82% had not heard of the term.
11% said they had heard of the term but did not know what it meant.
7% said they had heard of the term and knew what it meant, but when asked to explain it gave the wrong answer.
1% said they had heard of the term and actually knew what it meant.

Almost as many respondents thought that it referred to politicians behaving like pigs as correctly identified that it refers to spending of public funds that are intended to benefit constituents of a politician in return for their political support.

It’s worth noting that if you don’t know what the term means, it’s still possible to reasonably guess that it’s likely to be a negative term. Being associated with pigs is rarely seen as a positive. If the phrase was eagle-nested politics, confusion would be even greater. But even with that helping hand, misunderstanding is widespread.

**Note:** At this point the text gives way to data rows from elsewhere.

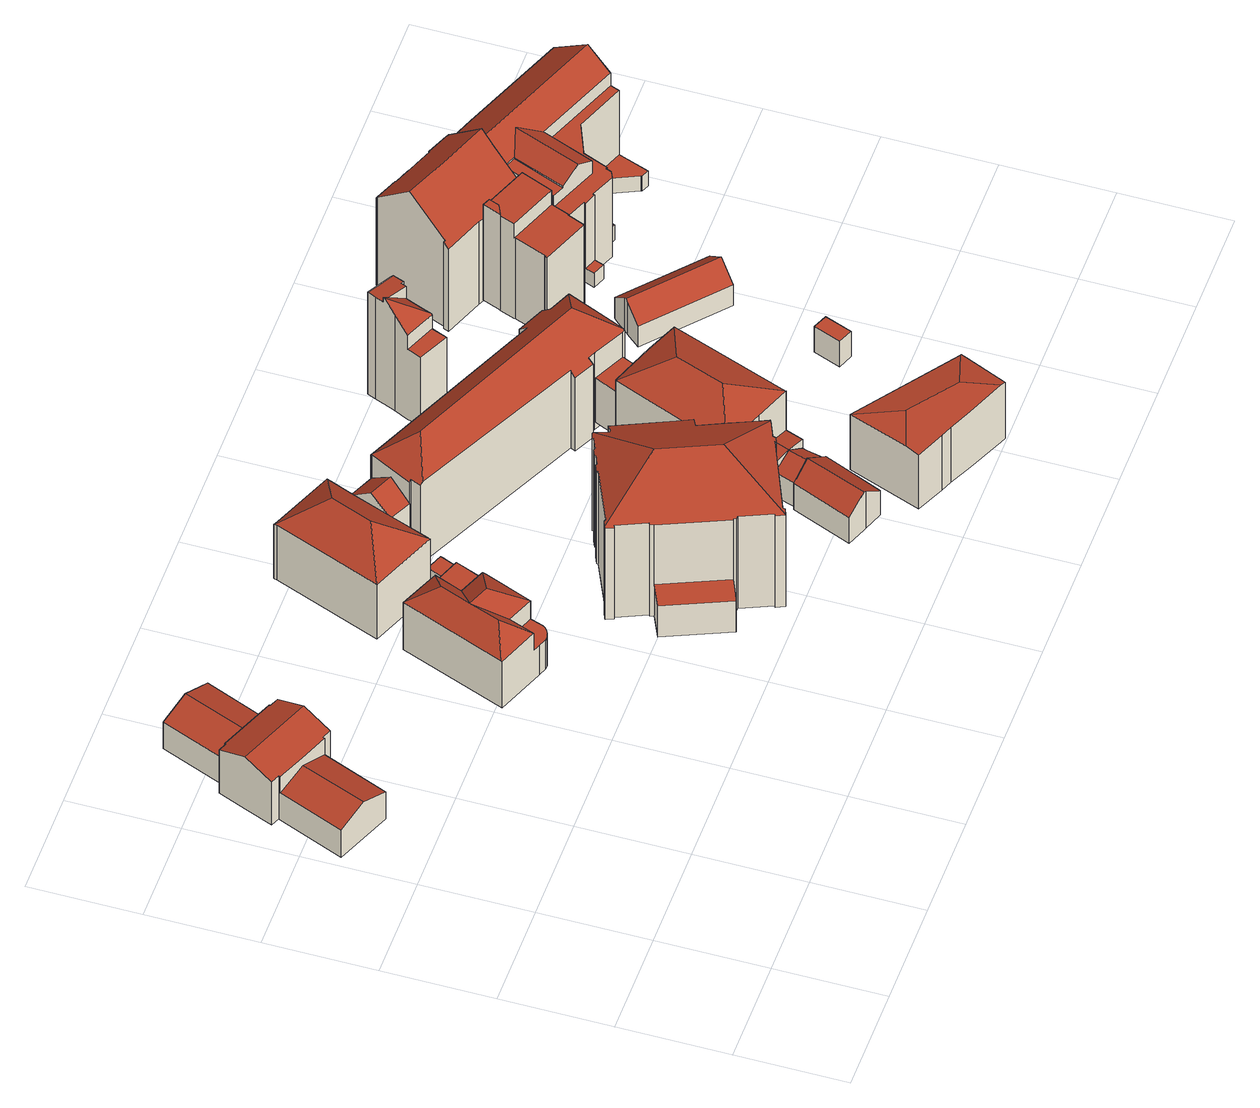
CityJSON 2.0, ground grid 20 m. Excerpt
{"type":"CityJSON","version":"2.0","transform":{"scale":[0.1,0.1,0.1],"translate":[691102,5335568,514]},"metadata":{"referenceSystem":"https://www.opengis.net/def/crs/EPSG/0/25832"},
"CityObjects":{
"building1":{"type":"Building","attributes":{"Gemeindeschluessel":"09162000","HoeheDach":"528.018","HoeheGrund":"515.673","Methode":"2000","NiedrigsteTraufeDesGebaeudes":"521.983","Geometrietyp2DReferenz":"3000","function":"31001_9998","roofType":"3100","measuredHeight":12.35,"storeysAboveGround":2},"geometry":[{"type":"MultiSurface","lod":"2","boundaries":[[[0,1,2,3]],[[4,5,6,7,8,9]],[[10,11,12,13,0,3,14,15,16,17,18,19,20,21,22,23,24,8,7,6]],[[22,25,26,23]],[[27,4,9,28]],[[29,5,4,27]],[[30,31,32,33,2,1,34,35,36]],[[37,38,31,30,19,18,17]],[[34,39,40,41,42,43,26,25,35]],[[0,13,12,39,34,1]],[[44,45,33,32,31,38]],[[11,40,39,12]],[[26,43,28,9,8,24,23]],[[11,10,6,5,29,41,40]],[[16,15,46,47,37,17]],[[19,30,36,20]],[[15,14,3,2,33,45,46]],[[42,41,29,27,28,43]],[[47,44,38,37]],[[46,45,44,47]],[[36,35,25,22,21,20]]],"semantics":{"surfaces":[{"type":"WallSurface"},{"type":"GroundSurface"},{"type":"RoofSurface"}],"values":[0,0,1,0,2,2,2,0,2,0,0,0,0,0,0,0,0,0,2,2,0]}}]},
"building2":{"type":"Building","attributes":{"Gemeindeschluessel":"09162000","HoeheDach":"531.140","HoeheGrund":"516.357","Methode":"2000","NiedrigsteTraufeDesGebaeudes":"523.223","Geometrietyp2DReferenz":"3000","function":"31001_1000","roofType":"3100","measuredHeight":14.78,"storeysAboveGround":3},"geometry":[{"type":"MultiSurface","lod":"2","boundaries":[[[48,49,50,51]],[[52,53,54,55,56,57,58,59,48,51,60,61,62,63,64,65,66]],[[67,68,69,70,71]],[[56,55,72,73,74,75]],[[76,61,60,77,78,79]],[[72,80,81,82]],[[67,71,79,83]],[[84,85,86,87]],[[52,66,88,87,86,89]],[[77,50,49,90,91,92,75,74,93,78]],[[54,80,72,55]],[[70,69,62,61,76]],[[51,50,77,60]],[[68,67,85,94,95]],[[74,73,83,93]],[[64,63,96,95,94,97,98]],[[67,82,81,89,86,85]],[[56,75,92,57]],[[67,83,73,72,82]],[[59,90,49,48]],[[93,83,79,78]],[[68,95,96,69]],[[97,94,85,84]],[[62,69,96,63]],[[76,79,71,70]],[[65,99,88,66]],[[52,89,81,53]],[[54,53,81,80]],[[57,92,91,58]],[[64,98,99,65]],[[87,88,99,98,97,84]],[[58,91,90,59]]],"semantics":{"surfaces":[{"type":"WallSurface"},{"type":"GroundSurface"},{"type":"RoofSurface"}],"values":[0,1,2,0,0,2,2,0,0,2,0,0,0,2,0,0,2,0,2,0,0,2,0,0,2,0,0,0,0,0,2,0]}}]},
"building3":{"type":"Building","attributes":{"Gemeindeschluessel":"09162000","HoeheDach":"520.580","HoeheGrund":"514.884","Methode":"2000","NiedrigsteTraufeDesGebaeudes":"520.579","Geometrietyp2DReferenz":"3000","function":"31001_2000","roofType":"1000","measuredHeight":5.7},"geometry":[{"type":"MultiSurface","lod":"2","boundaries":[[[100,101,102,103]],[[104,105,106,107]],[[102,108,109,110,111,103]],[[112,113,114,115]],[[116,117,118,119,112,115,120,121,122,104,107,123,124,125,100,103,111,110,126]],[[118,117,116,126,127,128,129,130]],[[125,131,101,100]],[[118,130,132,119]],[[123,133,134,124]],[[122,135,105,104]],[[106,105,135,136,137,114,113,132,130,129,128,127,109,108,102,101,131,134,133]],[[107,106,133,123]],[[137,136,135,122,121,120]],[[124,134,131,125]],[[115,114,137,120]],[[110,109,127,126]],[[119,132,113,112]]],"semantics":{"surfaces":[{"type":"WallSurface"},{"type":"GroundSurface"},{"type":"RoofSurface"}],"values":[0,0,0,0,1,0,0,0,0,0,2,0,0,0,0,0,0]}}]},
"building4":{"type":"Building","attributes":{"Gemeindeschluessel":"09162000","HoeheDach":"533.090","HoeheGrund":"515.000","Methode":"2000","NiedrigsteTraufeDesGebaeudes":"527.715","Geometrietyp2DReferenz":"3000","function":"31001_9998","roofType":"3200","measuredHeight":18.09,"storeysAboveGround":3},"geometry":[{"type":"MultiSurface","lod":"2","boundaries":[[[138,139,140,141,142]],[[143,144,145,146]],[[147,148,149,150]],[[151,152,153,154]],[[146,147,150,151,154,155,156,157,158,159,160,161,143]],[[162,142,141,157,156,155]],[[163,138,142,162]],[[163,153,152,149,148,145,144,164,139,138]],[[141,140,165,159,158,157]],[[154,153,163,162,155]],[[139,164,166,165,140]],[[166,164,144,143,161,160,159,165]],[[146,145,148,147]],[[150,149,152,151]]],"semantics":{"surfaces":[{"type":"RoofSurface"},{"type":"WallSurface"},{"type":"GroundSurface"}],"values":[0,1,1,1,2,1,0,0,1,1,0,1,1,1]}}]},
"building5":{"type":"Building","attributes":{"Gemeindeschluessel":"09162000","HoeheDach":"543.971","HoeheGrund":"516.140","Methode":"2000","NiedrigsteTraufeDesGebaeudes":"523.527","Geometrietyp2DReferenz":"3000","function":"31001_9998","roofType":"3200","measuredHeight":27.83,"storeysAboveGround":4},"geometry":[{"type":"MultiSurface","lod":"2","boundaries":[[[167,168,169,170]],[[171,172,173,174]],[[175,176,177,178,179,180,181,182,183,184,185,186,187,188,189,190]],[[191,192,168,167]],[[193,194,195,196]],[[197,187,186,198]],[[199,180,179,200]],[[201,202,203,204]],[[205,182,181,206]],[[207,208,209,210,211,212,213,214,215,216,217,218,176,175]],[[169,168,192,219,220,221,195,194,222,203,202,223,207,175,190,224,225]],[[226,227,228,229,173,172,208,207,223]],[[200,179,178,230]],[[231,222,194,193]],[[232,210,209,233]],[[234,226,223,235]],[[236,171,174,237,238,239,234,235,201,204,231,193,196,240,241,242,243,244,191,167,170,245,246,247,248,249,197,198,250,251,252,205,206,199,200,230,253,254,255,256,257,258,259,260,261,262,232,233]],[[204,203,222,231]],[[198,186,185,250]],[[230,178,177,253]],[[238,228,227,239]],[[235,223,202,201]],[[218,217,216,257,256,255]],[[261,212,211,262]],[[206,181,180,199]],[[263,221,220,264]],[[265,264,220,243,242]],[[249,188,187,197]],[[241,266,265,242]],[[258,215,214,259]],[[243,220,219,244]],[[266,263,264,265]],[[251,184,183,252]],[[262,211,210,232]],[[261,260,259,214,213,212]],[[174,173,229,237]],[[218,255,254,253,177,176]],[[263,266,241,240,196,195,221]],[[244,219,192,191]],[[252,183,182,205]],[[250,185,184,251]],[[170,169,225,245]],[[239,227,226,234]],[[225,224,190,189,248,247,246,245]],[[237,229,228,238]],[[257,216,215,258]],[[248,189,188,249]],[[171,236,233,209,208,172]]],"semantics":{"surfaces":[{"type":"WallSurface"},{"type":"RoofSurface"},{"type":"GroundSurface"}],"values":[0,0,1,0,0,0,0,0,0,1,1,1,0,0,0,0,2,0,0,0,0,0,0,0,0,0,0,0,0,0,0,1,0,0,0,0,0,0,0,0,0,0,0,0,0,0,0,0]}}]},
"building6":{"type":"Building","attributes":{"Gemeindeschluessel":"09162000","HoeheDach":"530.464","HoeheGrund":"514.260","Methode":"1000","NiedrigsteTraufeDesGebaeudes":"527.180","Geometrietyp2DReferenz":"3000","function":"31001_2000","roofType":"3100","measuredHeight":16.2},"geometry":[{"type":"MultiSurface","lod":"2","boundaries":[[[267,268,269,270,271,272,273,274]],[[275,276,277,269,268,267]],[[277,276,278,279,270,269]],[[275,280,281,282,278,276]],[[279,278,282,283,271,270]],[[280,275,267,274]],[[281,280,274,273,272,271,283,282]]],"semantics":{"surfaces":[{"type":"WallSurface"},{"type":"RoofSurface"},{"type":"GroundSurface"}],"values":[0,1,1,0,0,0,2]}}]},
"building7":{"type":"Building","attributes":{"Gemeindeschluessel":"09162000","HoeheDach":"525.132","HoeheGrund":"516.065","Methode":"2000","NiedrigsteTraufeDesGebaeudes":"521.248","Geometrietyp2DReferenz":"3000","function":"31001_9998","roofType":"3100","measuredHeight":9.07,"storeysAboveGround":2},"geometry":[{"type":"MultiSurface","lod":"2","boundaries":[[[284,285,286,287,288,289]],[[290,291,292,285,284,293]],[[286,285,292,294]],[[294,295,296,297,298,299,288,287,286]],[[293,284,289,300,301]],[[299,300,289,288]],[[298,301,300,299]],[[297,296,290,293,301,298]],[[295,294,292,291,290,296]]],"semantics":{"surfaces":[{"type":"WallSurface"},{"type":"RoofSurface"},{"type":"GroundSurface"}],"values":[0,1,0,2,1,0,0,0,0]}}]},
"building8":{"type":"Building","attributes":{"Gemeindeschluessel":"09162000","HoeheDach":"523.681","HoeheGrund":"515.730","Methode":"1000","NiedrigsteTraufeDesGebaeudes":"520.732","Geometrietyp2DReferenz":"3000","function":"31001_2000","roofType":"3100","measuredHeight":7.95},"geometry":[{"type":"MultiSurface","lod":"2","boundaries":[[[302,303,304,305,306,307,308,309]],[[310,311,305,304,312,313]],[[314,315,310,313,316,317,318,319]],[[318,320,309,308,321,319]],[[316,313,312,304,303,317]],[[317,303,302,309,320,318]],[[311,310,315,314,319,321,308,307,306,305]]],"semantics":{"surfaces":[{"type":"WallSurface"},{"type":"RoofSurface"},{"type":"GroundSurface"}],"values":[0,0,0,0,1,1,2]}}]},
"building9":{"type":"Building","attributes":{"Gemeindeschluessel":"09162000","HoeheDach":"537.732","HoeheGrund":"514.149","Methode":"2000","NiedrigsteTraufeDesGebaeudes":"530.734","Geometrietyp2DReferenz":"3000","function":"31001_9998","roofType":"3200","measuredHeight":23.58,"storeysAboveGround":4},"geometry":[{"type":"MultiSurface","lod":"2","boundaries":[[[322,323,324,325,326,327]],[[328,329,330,331,332,333,334,335,336,337,338,339,340,341,342,343,344,324,323,322,345,346]],[[347,348,349,344,343,342]],[[350,351,346,345,322,327]],[[340,352,353,341]],[[329,354,355,330]],[[356,357,358,359,360,361]],[[357,362,350,327,326,325,349,348,347,353,352,358]],[[338,360,359,339]],[[359,358,352,340,339]],[[344,349,325,324]],[[363,364,365,335,334]],[[337,361,360,338]],[[336,335,365,356,361,337]],[[333,366,363,334]],[[330,355,367,331]],[[332,368,366,333]],[[331,367,368,332]],[[341,353,347,342]],[[369,351,350,362]],[[370,354,329,328,346,351,369]],[[365,364,363,366,368,367,355,354,370,369,362,357,356]]],"semantics":{"surfaces":[{"type":"WallSurface"},{"type":"GroundSurface"},{"type":"RoofSurface"}],"values":[0,1,0,0,0,0,2,2,0,0,0,0,0,0,0,0,0,0,0,2,0,2]}}]},
"building10":{"type":"Building","attributes":{"Gemeindeschluessel":"09162000","HoeheDach":"536.320","HoeheGrund":"515.875","Methode":"2000","NiedrigsteTraufeDesGebaeudes":"516.250","Geometrietyp2DReferenz":"3000","function":"31001_9998","roofType":"3200","measuredHeight":20.45,"storeysAboveGround":3},"geometry":[{"type":"MultiSurface","lod":"2","boundaries":[[[371,372,373,374,375,376]],[[377,378,379,380,381]],[[382,383,384,385,386]],[[387,388,389,390]],[[391,384,392,393,380,379,394]],[[395,390,389,374,373]],[[396,397,398]],[[399,393,392,400,401,402,403,404,405,406,387,390,395,407,408]],[[396,398,409,376,375,410,411]],[[412,408,407,372,371,413]],[[400,383,382,401]],[[394,379,378,413,371]],[[406,405,414,411,410,415]],[[392,384,383,400]],[[416,417,418,419]],[[416,419,414,420]],[[377,412,413,378]],[[406,415,388,387]],[[402,421,422,403]],[[375,374,389,388,415,410]],[[377,381,399,408,412]],[[371,376,409,423,385,391,394]],[[401,382,386,423,409,398,397,421,402]],[[423,386,385]],[[384,391,385]],[[397,396,418,417,422,421]],[[399,381,380,393]],[[404,420,414,405]],[[404,403,422,417,416,420]],[[395,373,372,407]],[[396,411,414,419,418]]],"semantics":{"surfaces":[{"type":"RoofSurface"},{"type":"WallSurface"},{"type":"GroundSurface"}],"values":[0,0,0,1,1,1,1,2,0,1,1,1,1,1,1,0,0,1,1,0,1,0,1,1,1,0,1,1,1,1,1]}}]},
"building11":{"type":"Building","attributes":{"Gemeindeschluessel":"09162000","HoeheDach":"529.025","HoeheGrund":"514.922","Methode":"1000","NiedrigsteTraufeDesGebaeudes":"527.491","Geometrietyp2DReferenz":"3000","function":"31001_9998","roofType":"3200","measuredHeight":14.1,"storeysAboveGround":3},"geometry":[{"type":"MultiSurface","lod":"2","boundaries":[[[424,425,426,427]],[[427,426,428,429]],[[430,431,432,433,434,435]],[[436,437,438,433,432,431]],[[437,436,439,440,424,427,429,441,442,443,438]],[[434,433,438,443,442,444]],[[445,444,446]],[[428,446,444,442,441,429]],[[440,439,436,431,430,447,425,424]],[[445,435,434,444]],[[426,425,447,430,435,445,446,428]]],"semantics":{"surfaces":[{"type":"WallSurface"},{"type":"RoofSurface"},{"type":"GroundSurface"}],"values":[0,0,1,0,2,0,1,0,0,1,1]}}]},
"building12":{"type":"Building","attributes":{"Gemeindeschluessel":"09162000","HoeheDach":"526.345","HoeheGrund":"515.900","Methode":"1000","NiedrigsteTraufeDesGebaeudes":"526.345","Geometrietyp2DReferenz":"3000","function":"31001_2000","roofType":"1000","measuredHeight":10.45},"geometry":[{"type":"MultiSurface","lod":"2","boundaries":[[[390,387,448,449,450,451]],[[452,453,454,455,456,457]],[[457,456,455,449,448,387]],[[454,453,451,450,449,455]],[[390,452,457,387]],[[451,453,452,390]]],"semantics":{"surfaces":[{"type":"GroundSurface"},{"type":"RoofSurface"},{"type":"WallSurface"}],"values":[0,1,2,2,2,2]}}]},
"building13":{"type":"Building","attributes":{"Gemeindeschluessel":"09162000","HoeheDach":"540.987","HoeheGrund":"515.960","Methode":"2000","NiedrigsteTraufeDesGebaeudes":"532.522","Geometrietyp2DReferenz":"3000","function":"31001_2000","roofType":"2100","measuredHeight":25.03},"geometry":[{"type":"MultiSurface","lod":"2","boundaries":[[[458,459,460,461,462,463]],[[464,465,460,459]],[[466,467,468,469,470,471]],[[472,473,474,475,476,477,478,479,480]],[[470,481,482,483,472,480,484,485,471]],[[486,487,473,472,483]],[[488,489,490,491]],[[486,492,468,467,493,494,495,496,487]],[[487,496,497,498,474,473]],[[475,474,498]],[[477,476,489,488]],[[459,458,463,499,495,494,493,467,466,471,485,484,480,479,478,477,488,491,500,464]],[[501,465,464,500,491,490]],[[498,502,462,461,460,465,501,490,489,476,475]],[[492,486,483,482]],[[469,468,492,482,481,470]],[[497,502,498]],[[497,496,495,499,463,462,502]]],"semantics":{"surfaces":[{"type":"WallSurface"},{"type":"RoofSurface"},{"type":"GroundSurface"}],"values":[0,0,0,0,0,1,0,0,1,0,0,2,0,1,0,1,0,0]}}]},
"building14":{"type":"Building","attributes":{"Gemeindeschluessel":"09162000","HoeheDach":"522.059","HoeheGrund":"516.059","Methode":"3210","NiedrigsteTraufeDesGebaeudes":"522.059","Geometrietyp2DReferenz":"3000","function":"51009_1610","roofType":"9999","measuredHeight":6},"geometry":[{"type":"MultiSurface","lod":"2","boundaries":[[[503,504,505,506]],[[504,507,508,505]],[[507,509,510,508]],[[509,503,506,510]],[[507,504,503,509]],[[510,506,505,508]]],"semantics":{"surfaces":[{"type":"WallSurface"},{"type":"RoofSurface"},{"type":"GroundSurface"}],"values":[0,0,0,0,1,2]}}]},
"building15":{"type":"Building","attributes":{"Gemeindeschluessel":"09162000","HoeheDach":"524.119","HoeheGrund":"515.980","Methode":"1000","NiedrigsteTraufeDesGebaeudes":"520.916","Geometrietyp2DReferenz":"3000","function":"31001_2000","roofType":"3100","measuredHeight":8.14,"storeysAboveGround":1},"geometry":[{"type":"MultiSurface","lod":"2","boundaries":[[[511,512,513,514]],[[515,516,517,518,519]],[[520,521,522,523,524,525,511,514,526,527]],[[516,528,529,530,513,512,517]],[[527,529,528,520]],[[522,521,520,528,516,515]],[[514,513,530,526]],[[518,517,512,511,525,524]],[[522,515,519,523]],[[523,519,518,524]],[[526,530,529,527]]],"semantics":{"surfaces":[{"type":"WallSurface"},{"type":"RoofSurface"},{"type":"GroundSurface"}],"values":[0,1,2,1,0,0,0,0,0,0,0]}}]},
"building16":{"type":"Building","attributes":{"Gemeindeschluessel":"09162000","HoeheDach":"538.632","HoeheGrund":"515.963","Methode":"2000","NiedrigsteTraufeDesGebaeudes":"538.632","Geometrietyp2DReferenz":"3000","function":"51009_1610","roofType":"1000","measuredHeight":22.67},"geometry":[{"type":"MultiSurface","lod":"2","boundaries":[[[531,532,533,534]],[[535,536,537,538]],[[538,537,532,531]],[[533,532,537,536]],[[534,533,536,535]],[[535,538,531,534]]],"semantics":{"surfaces":[{"type":"WallSurface"},{"type":"RoofSurface"},{"type":"GroundSurface"}],"values":[0,0,0,1,0,2]}}]},
"building17":{"type":"Building","attributes":{"Gemeindeschluessel":"09162000","HoeheDach":"542.849","HoeheGrund":"515.890","Methode":"2000","NiedrigsteTraufeDesGebaeudes":"534.910","Geometrietyp2DReferenz":"3000","function":"31001_1000","roofType":"3100","measuredHeight":26.96,"storeysAboveGround":7},"geometry":[{"type":"MultiSurface","lod":"2","boundaries":[[[539,540,541,542,543,544,545]],[[546,547,548,549,550,551,552,553,554,555,556,557,558,559,560,545,544,543,561,562,563,564,565,566,567,568,569,570,571,572,573,574,575,576,577,578,579,580,581,582,583]],[[555,584,585,556]],[[575,586,587,576]],[[556,585,588,557]],[[589,590,591,592,542,541]],[[559,593,594,560]],[[572,595,596,573]],[[588,585,584,597,598,599,540,539,594,593,600]],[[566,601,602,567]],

3 responses to “How many people know what ‘pork barrel politics’ means?”

  1. When I saw the question “How many people know what ‘pork barrel politics’ means?” my initial reaction was ‘nearly everybody’. So I was more than surprised at how wrong I was.
    But then I realised that you were polling British people about an essentially American term dating from the early years of the 19th century that is scarcely ever used in the UK. Indeed, how many even knew that before refrigeration barrels were used for storing and transporting meat and not just beer?
    As the piece suggests, these days pigs in politics are more associated with troughs rather than barrels. I wonder if one day the phrase ‘levelling up’ will acquire the same meaning as pork barrel politics.

    • Still hard to believe the 1%. It has been a feature of British politics too. Wasn’t the late Labour MP Gwyneth Dunwoody a formidable practitioner of pork barrel politics?

      And what of politics as a subject in schools? Americans have since 1945 gifted their political structure to newly emerging democracies across Europe and pork barrel politics is a daily wrestle for ministers there. Not to mention the EU and Brussels as the epi-centre of its regional pork barrel politics.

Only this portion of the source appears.